What to work on: Pictures must be dropped from the copy of the entries below; all else is returned exactly.
★ ★ ★ ★ ★
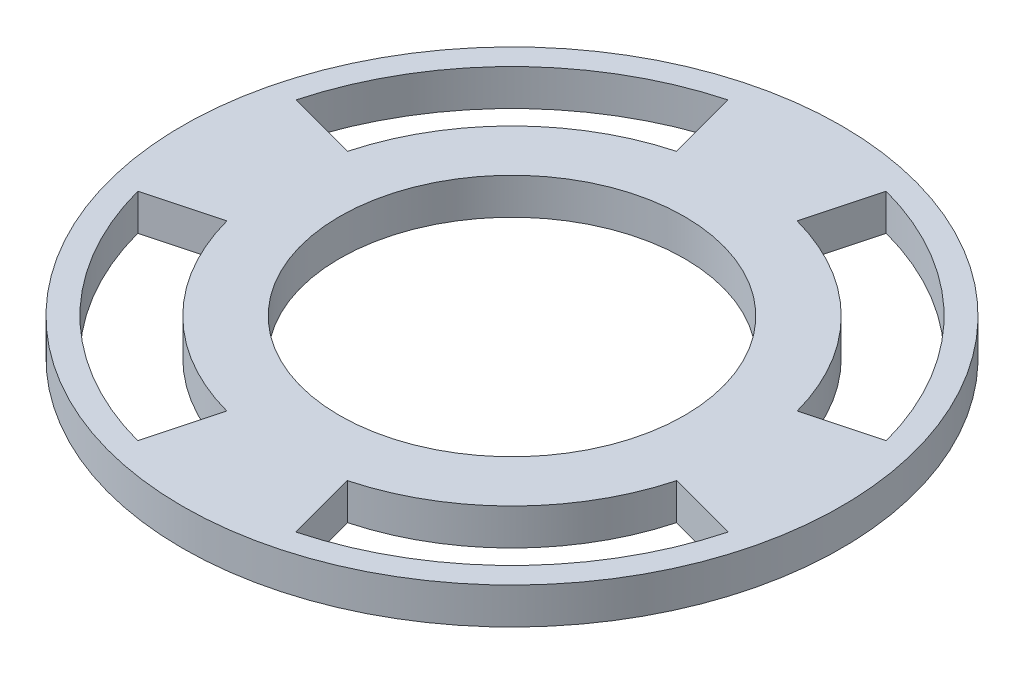
SolidWorks part; units mm, degrees
ref_plane "Front Plane" through (0, 0, 0) normal (0, 0, 1) x (1, 0, 0)
ref_plane "Top Plane" through (0, 0, 0) normal (0, 1, 0) x (1, 0, 0)
ref_plane "Right Plane" through (0, 0, 0) normal (1, 0, 0) x (0, 0, -1)
sketch "Sketch1" plane through (0, 0, 0) normal (0, 1, 0) x (1, 0, 0)
  line L0 (0, 0) -> (0, 22.65) construction
  line L1 (0, 0) -> (-5.8623, 21.8782)
  line L2 (0, 0) -> (5.8623, 21.8782)
  line L3 (0, 0) -> (21.8782, -5.8623)
  line L4 (0, 0) -> (21.8782, 5.8623)
  line L5 (0, 0) -> (-5.8623, -21.8782)
  line L6 (0, 0) -> (5.8623, -21.8782)
  line L7 (0, 0) -> (-21.8782, 5.8623)
  line L8 (0, 0) -> (-21.8782, -5.8623)
  circle A1 centre (0, 0) radius 11.85
  circle A2 centre (0, 0) radius 22.65
  circle A3 centre (0, 0) radius 21
  circle A4 centre (0, 0) radius 16
  point P17 (0, 0)
  dimension "D1" = 23.7
  dimension "D2" = 45.3
  dimension "D6" = 42
  dimension "D7" = 32
  dimension "D3" = 15
  dimension "D4" = 15
  dimension "D5" = 4
extrude "Boss-Extrude2" add sketch "Sketch1" along normal blind 2.5 contours A3 L1 A2 L7 | A3 L7 A2 L8 | A3 L8 A2 L5 | A3 L5 A2 L6 | A3 L6 A2 L3 | A3 L3 A2 L4 | A3 L4 A2 L2 | L0 A3 L2 A2 | A3 L0 A2 L1 | L1 A4 L7 A1 | L7 A4 L8 A1 | L5 A4 L6 A1 | L6 A4 L3 A1 | A4 L3 A3 L4 | L3 A4 L4 A1 | L0 A4 L2 A3 | A1 L0 A4 L1 | L0 A1 L2 A4 | L8 A4 L5 A1 | A4 L5 A3 L6 | A4 L0 A3 L1 | L4 A4 L2 A1 | A4 L7 A3 L8
★ ★ ★ ★ ★
Answer for the task:
SolidWorks part; units mm, degrees
ref_plane "Front Plane" through (0, 0, 0) normal (0, 0, 1) x (1, 0, 0)
ref_plane "Top Plane" through (0, 0, 0) normal (0, 1, 0) x (1, 0, 0)
ref_plane "Right Plane" through (0, 0, 0) normal (1, 0, 0) x (0, 0, -1)
sketch "Sketch1" plane through (0, 0, 0) normal (0, 1, 0) x (1, 0, 0)
  line L0 (0, 0) -> (0, 22.65) construction
  line L1 (0, 0) -> (-5.8623, 21.8782)
  line L2 (0, 0) -> (5.8623, 21.8782)
  line L3 (0, 0) -> (21.8782, -5.8623)
  line L4 (0, 0) -> (21.8782, 5.8623)
  line L5 (0, 0) -> (-5.8623, -21.8782)
  line L6 (0, 0) -> (5.8623, -21.8782)
  line L7 (0, 0) -> (-21.8782, 5.8623)
  line L8 (0, 0) -> (-21.8782, -5.8623)
  circle A1 centre (0, 0) radius 11.85
  circle A2 centre (0, 0) radius 22.65
  circle A3 centre (0, 0) radius 21
  circle A4 centre (0, 0) radius 16
  point P17 (0, 0)
  dimension "D1" = 23.7
  dimension "D2" = 45.3
  dimension "D6" = 42
  dimension "D7" = 32
  dimension "D3" = 15
  dimension "D4" = 15
  dimension "D5" = 4
extrude "Boss-Extrude2" add sketch "Sketch1" along normal blind 2.5 contours A3 L1 A2 L7 | A3 L7 A2 L8 | A3 L8 A2 L5 | A3 L5 A2 L6 | A3 L6 A2 L3 | A3 L3 A2 L4 | A3 L4 A2 L2 | L0 A3 L2 A2 | A3 L0 A2 L1 | L1 A4 L7 A1 | L7 A4 L8 A1 | L5 A4 L6 A1 | L6 A4 L3 A1 | A4 L3 A3 L4 | L3 A4 L4 A1 | L0 A4 L2 A3 | A1 L0 A4 L1 | L0 A1 L2 A4 | L8 A4 L5 A1 | A4 L5 A3 L6 | A4 L0 A3 L1 | L4 A4 L2 A1 | A4 L7 A3 L8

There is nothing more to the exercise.